Appleby Arrows Beater Daphne Quinn FIGHTS Holyhead Harpies Chaser Persephone Vitrac during highly exclusive celebrity-filled party!
Writes gossip correspondent Philomena Pest
Blame it on the moon, darling! That could be the motto and sentiment of the Appleby Arrows beater Daphne Quinn, who’s blistering lupophobic lash-out could reap dire consequences for the Euro’ Quidditch games. During a highly exclusive 10k-a-ticket party, popular Holyhead Harpies Chaser, Persephone Vitrac, found herself at the mercy of Quinn’s werewolf-focused abuse, remarking that the chaser had been ‘let in without her leash’ whilst looking as though she had ‘rolled out of the nearest gutter’. Scathing!

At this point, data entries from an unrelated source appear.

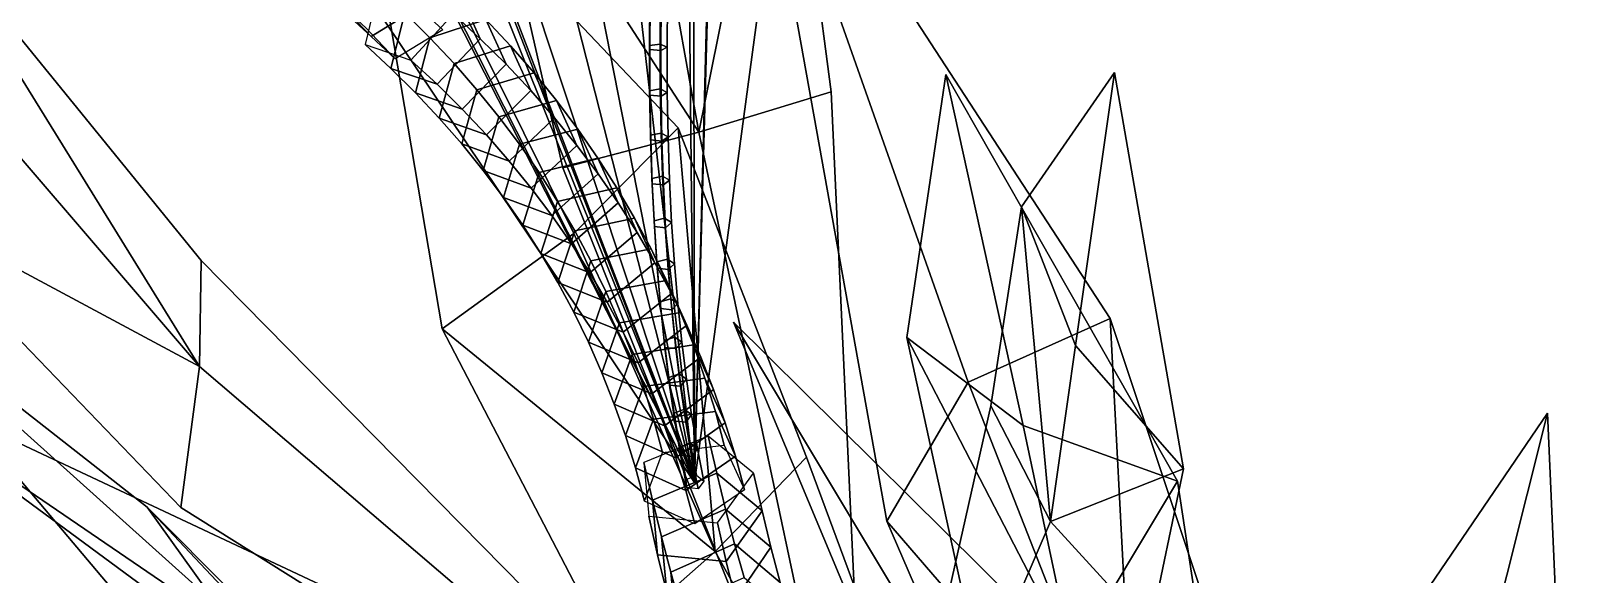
# Model space of a CAD drawing. Header units: metres. Extents: x -366 to 149, y -229 to 234.
# Drawn here: x -53.7 to -5.75, y 69.07 to 85.99 of the extents above; entities that cross this region are included whole.
import ezdxf

# ---------------------------------------------------------------- set-up
doc = ezdxf.new("R2010")
doc.units = ezdxf.units.M

msp = doc.modelspace()

# ---------------------------------------------------------------- linework, layer by layer
at = {"layer": 'coral-li_Intrnd', "color": 3}
for points in [[(-39.6992, 85.744, 414.2247), (-40.5374, 86.5186, 415.4925), (-41.1691, 87.9108, 414.2244), (-40.3309, 87.1362, 412.9566)], [(-44.01866, 86.7743, 415.0924), (-44.7707, 87.4688, 416.2295), (-43.8523, 86.5086, 417.4234), (-43.1002, 85.8142, 416.2863)], [(-43.1002, 85.8142, 416.2863), (-43.8523, 86.5086, 417.4234), (-42.372, 87.4128, 417.8502), (-41.62, 86.7183, 416.7131)], [(-42.05012, 86.5462, 412.2413), (-42.8663, 87.2997, 413.4751), (-43.2904, 85.5607, 414.2567), (-42.4878, 84.8201, 413.0439)], [(-39.5269, 86.3389, 411.6807), (-40.3309, 87.1362, 412.9566), (-42.05012, 86.5462, 412.2413), (-41.2672, 85.7706, 410.9997)], [(-38.8952, 84.9467, 412.9488), (-39.6992, 85.744, 414.2247), (-40.3309, 87.1362, 412.9566), (-39.5269, 86.3389, 411.6807)], [(-43.2666, 86.07992, 413.9554), (-44.01866, 86.7743, 415.0924), (-43.1002, 85.8142, 416.2863), (-42.3481, 85.1197, 415.1493)], [(-42.3481, 85.1197, 415.1493), (-43.1002, 85.8142, 416.2863), (-41.62, 86.7183, 416.7131), (-40.8679, 86.0239, 415.5761)], [(-41.2672, 85.7706, 410.9997), (-42.05012, 86.5462, 412.2413), (-42.4878, 84.8201, 413.0439), (-41.7178, 84.05778, 411.8234)], [(-41.04321, 84.3272, 414.2626), (-41.8593, 85.08069, 415.4964), (-40.5374, 86.5186, 415.4925), (-39.6992, 85.744, 414.2247)], [(-38.7576, 85.5192, 410.3977), (-39.5269, 86.3389, 411.6807), (-41.2672, 85.7706, 410.9997), (-40.518, 84.9732, 409.7511)], [(-38.1259, 84.1271, 411.6658), (-38.8952, 84.9467, 412.9488), (-39.5269, 86.3389, 411.6807), (-38.7576, 85.5192, 410.3977)], [(-42.4878, 84.8201, 413.0439), (-43.2904, 85.5607, 414.2567), (-41.8593, 85.08069, 415.4964), (-41.04321, 84.3272, 414.2626)], [(-40.518, 84.9732, 409.7511), (-41.2672, 85.7706, 410.9997), (-41.7178, 84.05778, 411.8234), (-40.981, 83.274, 410.5959)], [(-40.2603, 83.5515, 413.0211), (-41.04321, 84.3272, 414.2626), (-39.6992, 85.744, 414.2247), (-38.8952, 84.9467, 412.9488)], [(-38.02345, 84.6778, 409.1082), (-38.7576, 85.5192, 410.3977), (-40.518, 84.9732, 409.7511), (-39.803, 84.1545, 408.4962)], [(-37.3917, 83.2856, 410.3763), (-38.1259, 84.1271, 411.6658), (-38.7576, 85.5192, 410.3977), (-38.02345, 84.6778, 409.1082)], [(-39.803, 84.1545, 408.4962), (-40.518, 84.9732, 409.7511), (-40.981, 83.274, 410.5959), (-40.2778, 82.4694, 409.3623)], [(-39.5111, 82.7541, 411.7725), (-40.2603, 83.5515, 413.0211), (-38.8952, 84.9467, 412.9488), (-38.1259, 84.1271, 411.6658)], [(-41.7178, 84.05778, 411.8234), (-42.4878, 84.8201, 413.0439), (-41.04321, 84.3272, 414.2626), (-40.2603, 83.5515, 413.0211)], [(-37.3248, 83.815, 407.813), (-38.02345, 84.6778, 409.1082), (-39.803, 84.1545, 408.4962), (-39.1227, 83.3151, 407.2358)], [(-36.6931, 82.4228, 409.0811), (-37.3917, 83.2856, 410.3763), (-38.02345, 84.6778, 409.1082), (-37.3248, 83.815, 407.813)], [(-40.981, 83.274, 410.5959), (-41.7178, 84.05778, 411.8234), (-40.2603, 83.5515, 413.0211), (-39.5111, 82.7541, 411.7725)], [(-39.1227, 83.3151, 407.2358), (-39.803, 84.1545, 408.4962), (-40.2778, 82.4694, 409.3623), (-39.6087, 81.6444, 408.1233)], [(-38.7961, 81.9354, 410.5176), (-39.5111, 82.7541, 411.7725), (-38.1259, 84.1271, 411.6658), (-37.3917, 83.2856, 410.3763)], [(-36.6622, 82.9314, 406.5129), (-37.3248, 83.815, 407.813), (-39.1227, 83.3151, 407.2358), (-38.4774, 82.4555, 405.9706)], [(-36.03059, 81.5392, 407.781), (-36.6931, 82.4228, 409.0811), (-37.3248, 83.815, 407.813), (-36.6622, 82.9314, 406.5129)], [(-40.2778, 82.4694, 409.3623), (-40.981, 83.274, 410.5959), (-39.5111, 82.7541, 411.7725), (-38.7961, 81.9354, 410.5176)], [(-38.4774, 82.4555, 405.9706), (-39.1227, 83.3151, 407.2358), (-39.6087, 81.6444, 408.1233), (-38.974, 80.7994, 406.8795)], [(-38.1158, 81.09608, 409.2572), (-38.7961, 81.9354, 410.5176), (-37.3917, 83.2856, 410.3763), (-36.6931, 82.4228, 409.0811)], [(-36.03611, 82.02761, 405.2087), (-36.6622, 82.9314, 406.5129), (-38.4774, 82.4555, 405.9706), (-37.8675, 81.5761, 404.7014)], [(-35.4044, 80.6354, 406.4768), (-36.03059, 81.5392, 407.781), (-36.6622, 82.9314, 406.5129), (-36.03611, 82.02761, 405.2087)], [(-39.6087, 81.6444, 408.1233), (-40.2778, 82.4694, 409.3623), (-38.7961, 81.9354, 410.5176), (-38.1158, 81.09608, 409.2572)], [(-37.8675, 81.5761, 404.7014), (-38.4774, 82.4555, 405.9706), (-38.974, 80.7994, 406.8795), (-38.3742, 79.9351, 405.6318)], [(-37.4705, 80.2364, 407.992), (-38.1158, 81.09608, 409.2572), (-36.6931, 82.4228, 409.0811), (-36.03059, 81.5392, 407.781)], [(-35.4467, 81.104, 403.9012), (-36.03611, 82.02761, 405.2087), (-37.8675, 81.5761, 404.7014), (-37.2934, 80.6776, 403.429)], [(-34.815, 79.7118, 405.1693), (-35.4044, 80.6354, 406.4768), (-36.03611, 82.02761, 405.2087), (-35.4467, 81.104, 403.9012)], [(-38.974, 80.7994, 406.8795), (-39.6087, 81.6444, 408.1233), (-38.1158, 81.09608, 409.2572), (-37.4705, 80.2364, 407.992)], [(-37.2934, 80.6776, 403.429), (-37.8675, 81.5761, 404.7014), (-38.3742, 79.9351, 405.6318), (-37.8095, 79.05196, 404.381)], [(-36.8606, 79.357, 406.7228), (-37.4705, 80.2364, 407.992), (-36.03059, 81.5392, 407.781), (-35.4044, 80.6354, 406.4768)], [(-34.8944, 80.1613, 402.5912), (-35.4467, 81.104, 403.9012), (-37.2934, 80.6776, 403.429), (-36.7555, 79.7604, 402.1541)], [(-34.2627, 78.7691, 403.8593), (-34.815, 79.7118, 405.1693), (-35.4467, 81.104, 403.9012), (-34.8944, 80.1613, 402.5912)], [(-38.3742, 79.9351, 405.6318), (-38.974, 80.7994, 406.8795), (-37.4705, 80.2364, 407.992), (-36.8606, 79.357, 406.7228)], [(-36.7555, 79.7604, 402.1541), (-37.2934, 80.6776, 403.429), (-37.8095, 79.05196, 404.381), (-37.2803, 78.1504, 403.1276)], [(-36.2865, 78.4585, 405.4503), (-36.8606, 79.357, 406.7228), (-35.4044, 80.6354, 406.4768), (-34.815, 79.7118, 405.1693)], [(-34.3796, 79.2, 401.2794), (-34.8944, 80.1613, 402.5912), (-36.7555, 79.7604, 402.1541), (-36.254, 78.825, 400.8774)], [(-33.7479, 77.8078, 402.5475), (-34.2627, 78.7691, 403.8593), (-34.8944, 80.1613, 402.5912), (-34.3796, 79.2, 401.2794)], [(-37.8095, 79.05196, 404.381), (-38.3742, 79.9351, 405.6318), (-36.8606, 79.357, 406.7228), (-36.2865, 78.4585, 405.4503)], [(-36.254, 78.825, 400.8774), (-36.7555, 79.7604, 402.1541), (-37.2803, 78.1504, 403.1276), (-36.787, 77.231, 401.8726)], [(-35.7486, 77.5413, 404.1754), (-36.2865, 78.4585, 405.4503), (-34.815, 79.7118, 405.1693), (-34.2627, 78.7691, 403.8593)], [(-33.9026, 78.2207, 399.9666), (-34.3796, 79.2, 401.2794), (-36.254, 78.825, 400.8774), (-35.7893, 77.8722, 399.5999)], [(-33.2709, 76.8285, 401.2347), (-33.7479, 77.8078, 402.5475), (-34.3796, 79.2, 401.2794), (-33.9026, 78.2207, 399.9666)], [(-37.2803, 78.1504, 403.1276), (-37.8095, 79.05196, 404.381), (-36.2865, 78.4585, 405.4503), (-35.7486, 77.5413, 404.1754)], [(-35.7893, 77.8722, 399.5999), (-36.254, 78.825, 400.8774), (-36.787, 77.231, 401.8726), (-36.3298, 76.2944, 400.6166)], [(-35.2471, 76.606, 402.8988), (-35.7486, 77.5413, 404.1754), (-34.2627, 78.7691, 403.8593), (-33.7479, 77.8078, 402.5475)], [(-33.4637, 77.2239, 398.6537), (-33.9026, 78.2207, 399.9666), (-35.7893, 77.8722, 399.5999), (-35.3616, 76.9024, 398.3221)], [(-32.832, 75.8317, 399.9218), (-33.2709, 76.8285, 401.2347), (-33.9026, 78.2207, 399.9666), (-33.4637, 77.2239, 398.6537)], [(-36.787, 77.231, 401.8726), (-37.2803, 78.1504, 403.1276), (-35.7486, 77.5413, 404.1754), (-35.2471, 76.606, 402.8988)], [(-35.3616, 76.9024, 398.3221), (-35.7893, 77.8722, 399.5999), (-36.3298, 76.2944, 400.6166), (-35.9091, 75.3412, 399.3605)], [(-34.7823, 75.6531, 401.6212), (-35.2471, 76.606, 402.8988), (-33.7479, 77.8078, 402.5475), (-33.2709, 76.8285, 401.2347)], [(-36.3298, 76.2944, 400.6166), (-36.787, 77.231, 401.8726), (-35.2471, 76.606, 402.8988), (-34.7823, 75.6531, 401.6212)], [(-33.06315, 76.2103, 397.3414), (-33.4637, 77.2239, 398.6537), (-35.3616, 76.9024, 398.3221), (-34.9712, 75.9162, 397.045)], [(-32.4314, 74.8182, 398.6095), (-32.832, 75.8317, 399.9218), (-33.4637, 77.2239, 398.6537), (-33.06315, 76.2103, 397.3414)], [(-34.9712, 75.9162, 397.045), (-35.3616, 76.9024, 398.3221), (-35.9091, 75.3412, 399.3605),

Adding salt to an already profusely bleeding wound, fellow Holyhead Harpies player, Captain and Seeker Kelsey Galloway, famously nicknamed Kelpie, intervened in an already grisly (but fabulously entertaining) fight by calling Quinn the ‘Appleby Village Bike’, suggesting that a bludger be rigged to personally attack the Beater, and adding that, come the full moon, she would feel the fullest might of her co-players transformation! And what a transformation it is thought to be, known by her fans as the Silver Wolf, ‘fleas’ and ‘fur’ – just some of the insults thrown at her by the abrasive and searing Quinn – are the least of her worries. I’d be more perturbed about poachers coming for her silver coat, darling! There’s a price on everything, nowadays.
Now, darling, feud’s are ten-a-penny. Whether you’re a butcher arguing with a meat-cleaver over a particularly coarse leg-of-lamb, a model disputing with a photographer over his peculiarly angled shots, or a medium sparring with a particularly vocal and antagonistic ghost, feuds, well, darling, they come and go. But there is something more than palatable about sport-feuds – they’re tantalizingly different than the average confrontation. The testosterone and adrenaline of two greatly admired witches going head to head feeds the masses, and stirs up an atmosphere so electrifying, it takes center stage.
DARLING! I can taste the anger in the air – its succulent, its sweet, and yet also bitter. Come get your fill, because it’s scrum-diddly-umptious. Mwah!